Note: Values displayed are allometric scaling coefficients (α). Hyperallometric α > 1, and hypoallometric: α <1.

Abbreviations: CSF, cerebral spinal fluid; DC, diencephalon.

Sex differences

Global measures

TBV was significantly larger in males than in females (β = −1.14). Once TBV was adjusted for with the allometric adjustment (Equation (3)), the cerebellar WMV (β = .27), cerebellar GMV (β = .25), total MCT (β = .12), and cerebral WMV (β = .06) were greater in females, while brainstem volume (β = −.21), total subcortical volumes (β = −.08), TSA (β = −.07), and cerebral GMV (β = −.02) were greater in males.
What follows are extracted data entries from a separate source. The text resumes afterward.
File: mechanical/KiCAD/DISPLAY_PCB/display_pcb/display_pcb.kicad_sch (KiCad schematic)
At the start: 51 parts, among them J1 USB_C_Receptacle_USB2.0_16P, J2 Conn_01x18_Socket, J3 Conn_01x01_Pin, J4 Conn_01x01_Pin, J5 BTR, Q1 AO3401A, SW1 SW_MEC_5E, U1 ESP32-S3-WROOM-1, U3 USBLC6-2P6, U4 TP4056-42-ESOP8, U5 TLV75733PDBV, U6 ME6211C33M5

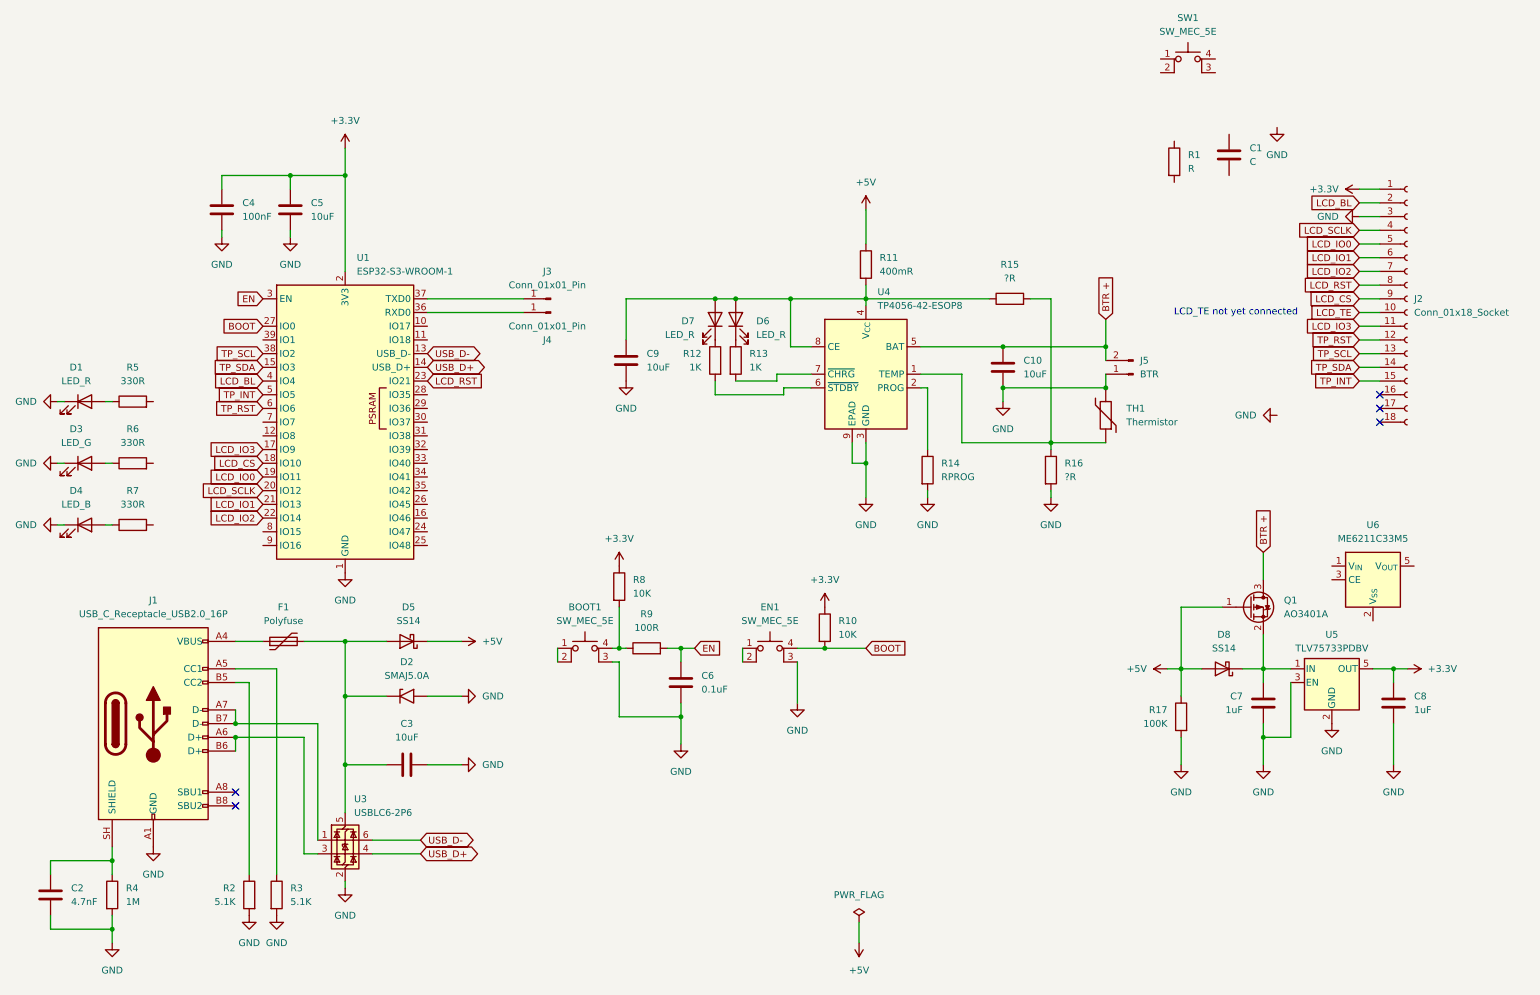
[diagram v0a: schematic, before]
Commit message: Small changes, missing battery protection IC, sorted the different related parts into groups
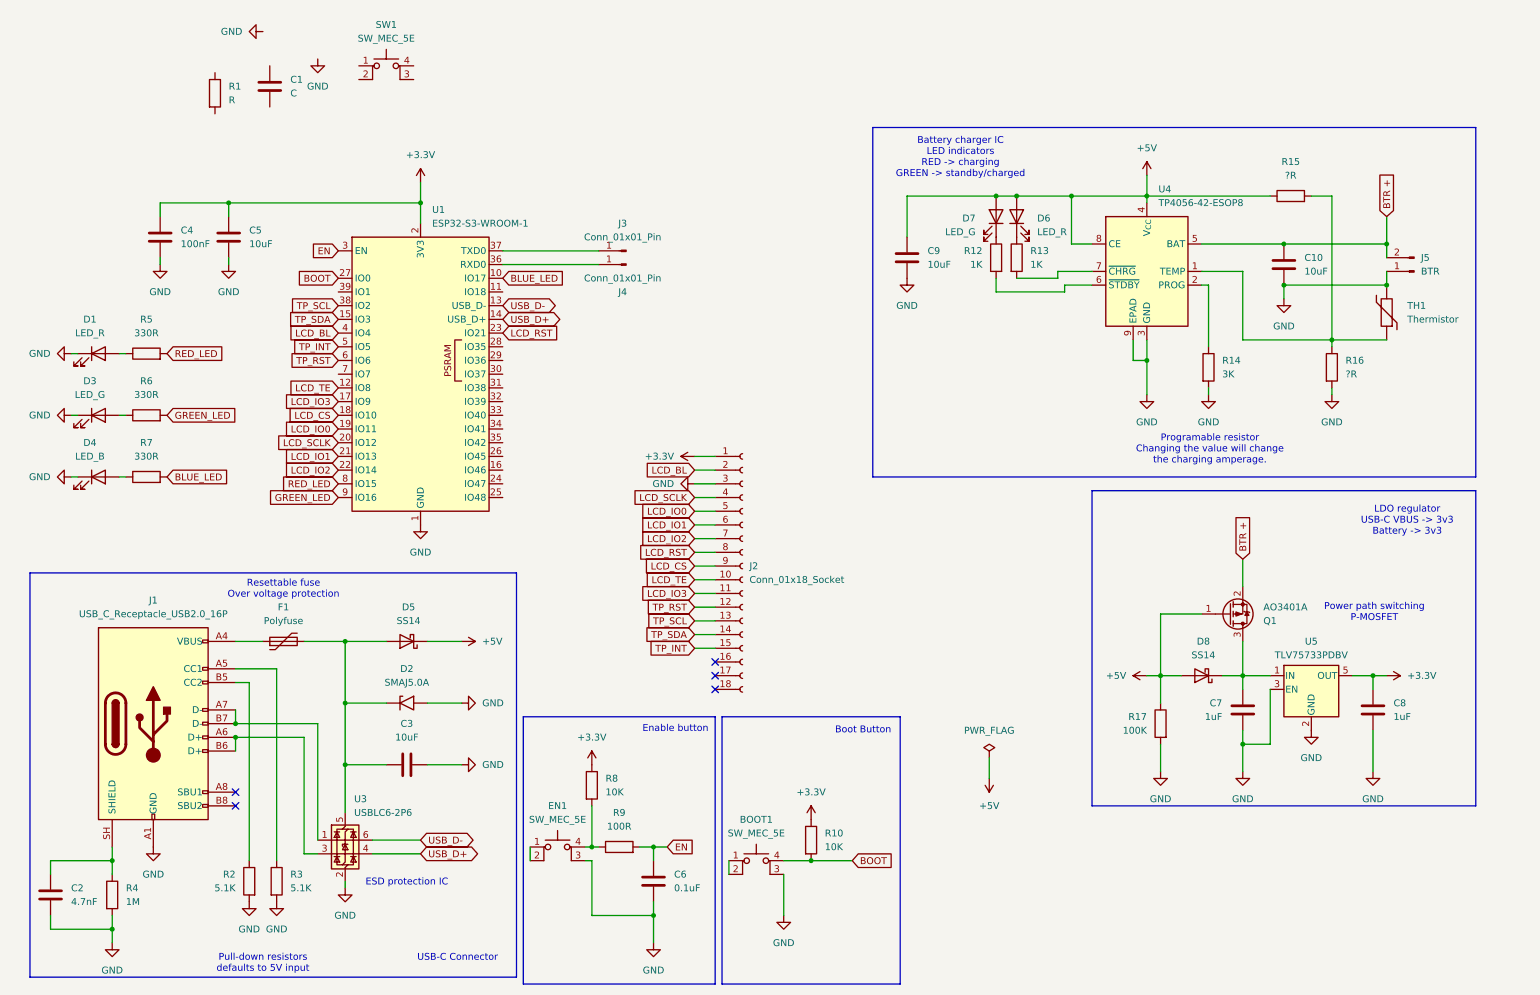
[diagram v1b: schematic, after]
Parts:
- removed R11: 400mR, symbol Device:R
- removed U6: ME6211C33M5, Package_TO_SOT_SMD:SOT-23-5, symbol Regulator_Linear:ME6211C33M5
- D7: value LED_R -> LED_G
- R14: value RPROG -> 3K
- renumbered EN1 to BOOT1, BOOT1 to EN1
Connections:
- net +5V: now also C9.1, D6.2 (A), D7.2 (A), R15.1, U4.4 (V_{CC}), U4.8 (CE)
- net BTR +: now also Q1.2 (S); no longer Q1.3 (D)
- net LCD_TE: now also U1.12 (IO8)
- net at C7.1, D8.1 (K), U5.1 (IN): now also Q1.3 (D); no longer Q1.2 (S)
- net GREEN_LED: now reaches R6.2
- net GREEN_LED: now also U1.9 (IO16)
- net BLUE_LED: now reaches U1.10 (IO17)
- net BLUE_LED: now also R7.2
- net RED_LED: now reaches U1.8 (IO15)
- net RED_LED: now also R5.2
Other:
- note added: "Battery charger IC LED indicators RED -> charging GREEN -> standby/charged"
- note added: "Boot Button"
- note added: "ESD protection IC"
- note added: "Enable button"
- note added: "LDO regulator USB-C VBUS -> 3v3 Battery -> 3v3"
- note added: "Power path switching P-MOSFET"
- note added: "Programable resistor Changing the value will change the charging amperage."
- note added: "Pull-down resistors defaults to 5V input"
- note added: "Resettable fuse Over voltage protection"
- note added: "USB-C Connector"
- note removed: "LCD_TE not yet connected"
- moved on the sheet: BOOT1, C1, C10, C4, C5, C6, C7, C8, C9, D1, D2, D3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

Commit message: Display schematic is finished, footprints are assigned, the basic board shape has been made, now the components has to be placed.
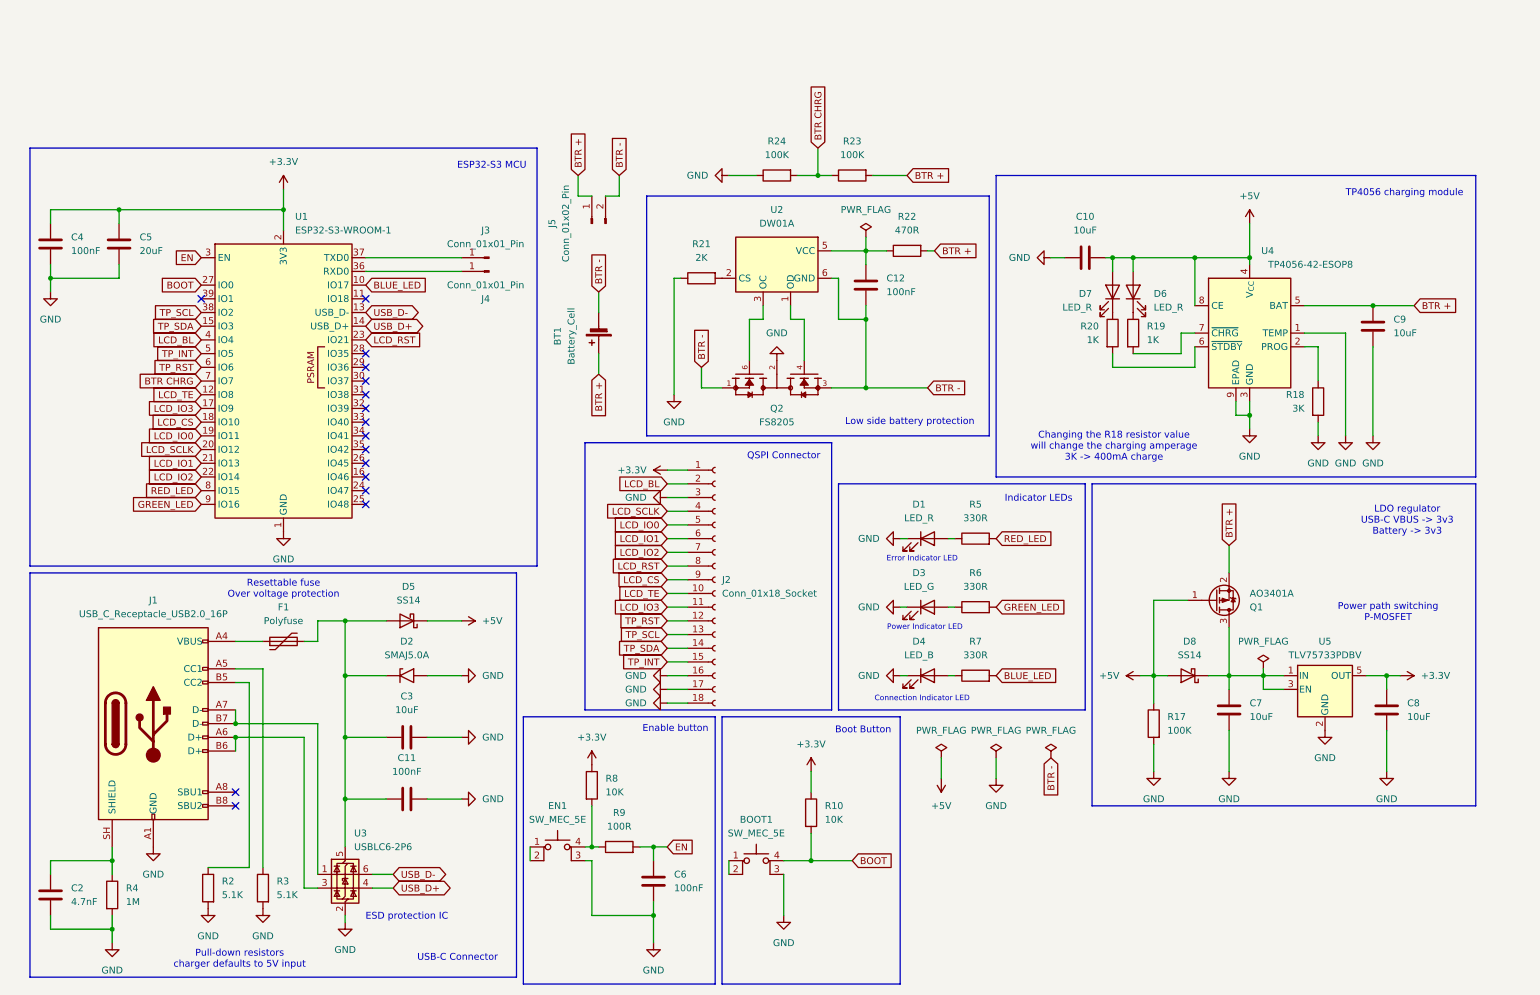
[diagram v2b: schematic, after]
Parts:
- removed C1: C, symbol Device:C
- removed R1: R, symbol Device:R
- removed R12, R13: 1K, symbol Device:R
- removed R14: 3K, symbol Device:R
- removed R15, R16: ?R, symbol Device:R
- removed SW1: SW_MEC_5E, Button_Switch_THT:SW_NKK_GW12LJP, symbol Switch:SW_MEC_5E
- removed TH1: Thermistor, symbol Device:Thermistor
- added BT1: Battery_Cell, symbol Device:Battery_Cell
- added C11, C12: 100nF, Capacitor_SMD:C_0805_2012Metric, symbol Device:C
- added Q2: FS8205, Package_SO:TSSOP-8_4.4x3mm_P0.65mm, symbol FS8205:FS8205
- added R18: 3K, Resistor_SMD:R_0805_2012Metric, symbol Device:R
- added R19, R20: 1K, Resistor_SMD:R_0805_2012Metric, symbol Device:R
- added R21: 2K, Resistor_SMD:R_0805_2012Metric, symbol Device:R
- added R22: 470R, Resistor_SMD:R_0805_2012Metric, symbol Device:R
- added R23, R24: 100K, Resistor_SMD:R_0805_2012Metric, symbol Device:R
- added U2: DW01A, Package_TO_SOT_SMD:SOT-23-6, symbol Battery_Management:DW01A
- BOOT1, EN1: footprint Button_Switch_THT:SW_NKK_GW12LJP -> Button_Switch_SMD:SW_SPST_EVQP2_MiddlePushTravel_H2.5mm
- C10, C3, C9: footprint (none) -> Capacitor_SMD:C_1206_3216Metric
- C2, C4: footprint (none) -> Capacitor_SMD:C_0805_2012Metric
- C5: value 10uF -> 20uF; footprint (none) -> Capacitor_SMD:C_1206_3216Metric
- C6: value 0.1uF -> 100nF; footprint (none) -> Capacitor_SMD:C_1206_3216Metric
- C7, C8: value 1uF -> 10uF; footprint (none) -> Capacitor_SMD:C_1206_3216Metric
- D1, D3, D4, D6: footprint (none) -> LED_SMD:LED_0805_2012Metric_Pad1.15x1.40mm_HandSolder
- D7: value LED_G -> LED_R; footprint (none) -> LED_SMD:LED_0805_2012Metric_Pad1.15x1.40mm_HandSolder
- J1: footprint Package_DFN_QFN:Texas_RNQ0040A_WQFN-40-1EP_6x4mm_P0.4mm_EP4.7x2.7mm -> Connector_USB:USB_C_Receptacle_GCT_USB4105-xx-A_16P_TopMnt_Horizontal
- J2: footprint Connector_FFC-FPC:TE_1-84952-8_1x18-1MP_P1.0mm_Horizontal -> Connector_FFC-FPC:Hirose_FH12-18S-0.5SH_1x18-1MP_P0.50mm_Horizontal
- J5: value BTR -> Conn_01x02_Pin; footprint Connector_PinHeader_1.27mm:PinHeader_1x02_P1.27mm_Vertical -> Connector_JST:JST_PH_S2B-PH-K_1x02_P2.00mm_Horizontal
- R10, R17, R2, R3, R5, R6, R7, R8, R9: footprint (none) -> Resistor_SMD:R_0805_2012Metric
- R4: footprint (none) -> Resistor_SMD:R_1206_3216Metric
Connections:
- net +5V: now also C10.2; no longer C9.1
- net BTR +: now also C9.1, J5.1 (Pin_1), BT1.1 (+), R22.2, R23.2; no longer C10.1, J5.2 (Pin_2)
- net GND: now also C10.1, J2.16 (Pin_16), J2.17 (Pin_17), J2.18 (Pin_18), U4.1 (TEMP), C11.1, Q2.2, Q2.5, R18.2, R21.1, R24.1; no longer C10.2, J5.1 (Pin_1), U5.3 (EN)
- net at C7.1, D8.1 (K), Q1.3 (D)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: now also U5.3 (EN)
- net at C3.2, D2.1 (A1), D5.2 (A)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: now also C11.2
- net at U4.2 (PROG): now also R18.1
- net BTR CHRG: now reaches U1.7 (IO7)
- net BTR CHRG: now also R23.1, R24.2
- net at D7.1 (K): now also R20.1
- net at U4.6 (~{STDBY}): now also R20.2
- net at D6.1 (K): now also R19.1
- net at U4.7 (~{CHRG}): now also R19.2
- new net: C12.1, R22.1, U2.5 (VCC)
- new net: Q2.4, U2.1 (OD)
- new net: R21.2, U2.2 (CS)
- new net: Q2.6, U2.3 (OC)
- new net BTR -: BT1.2 (-), C12.2, J5.2 (Pin_2), Q2.1, Q2.3, U2.6 (GND)
- no-connect marks 5 -> 16
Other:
- note added: "Changing the R18 resistor value will change the charging amperage 3K -> 400mA charge"
- note added: "Connection Indicator LED"
- note added: "ESP32-S3 MCU"
- note added: "Error Indicator LED"
- note added: "Indicator LEDs"
- note added: "Low side battery protection"
- note added: "Power Indicator LED"
- note added: "Pull-down resistors charger defaults to 5V input"
- note added: "QSPI Connector"
- note added: "TP4056 charging module"
- note removed: "Battery charger IC LED indicators RED -> charging GREEN -> standby/charged"
- note removed: "Programable resistor Changing the value will change the charging amperage."
- note removed: "Pull-down resistors defaults to 5V input"
- moved on the sheet: C3, C4, C5, C7, C8, D1, D2, D3, D4, D5, D8, J2

Consistent with previous studies, males had a larger TBV (e.g., Ritchie et al., 2018; Ruigrok et al., 2014), while females had a relatively larger total MCT (Im et al., 2008, p. 200; van Velsen et al., 2013). However, we did not find that males and females had a similar TSA (Im et al., 2008), nor did we observe greater cerebral WMV in males relative to brain size (Chen, Sachdev, Wen, & Anstey, 2007; Gur et al., 1999). Instead, our analyses revealed that males have a larger TSA and females a greater cerebral WMV. In light of the small magnitude of these sex differences (<0.1) and the sample size of previous studies (N < 150), we speculate that past studies were not sufficiently powered to reliably estimate these effects.

Cerebellar GMV

The Freesurfer ASEG cerebellum GMV—used to calculate TBV—was larger in males (β = − 0.36), whereas the FAST cerebellum GMV—calculated as the sum of the cerebellar lobes and vermes from FAST Diedrichsen Cerebellar Atlas—was larger in females (β = .25).

Discrepancies in results between segmentation algorithms may stem from Diedrichsen's segmentation algorithm ignoring individual WMV and GMV intensities, which are taken into account by Freesurfer. Or, differences may be due to Freesurfer overlabeling peripheral tissue as it is more sensitive in regions of low contrast between tissue types (Carass et al., 2018). Although the cerebellar GMV of the FAST and ASEG segmentations only correlated at 76%, differences across cerebellar segmentations did not influence our measure of TBV, as the TBV calculated by summing regional segmentations (including the FAST GMV) correlated at 99.8% with our measure of TBV (derived from the ASEG segmentations).

Regional cerebellar GMVs

When examining sex differences in the cerebellum with the FAST cerebellum regional segmentations, females had larger cerebellar GMV in 82% of regions (23/28) with coefficients ranging from 0.08 (right crus I) to 0.64 (vermis X). The crus I vermis and the left and right lobule V did not differ between sexes and the left and right lobule X were larger in males (β = −.17, β = −.12, respectively).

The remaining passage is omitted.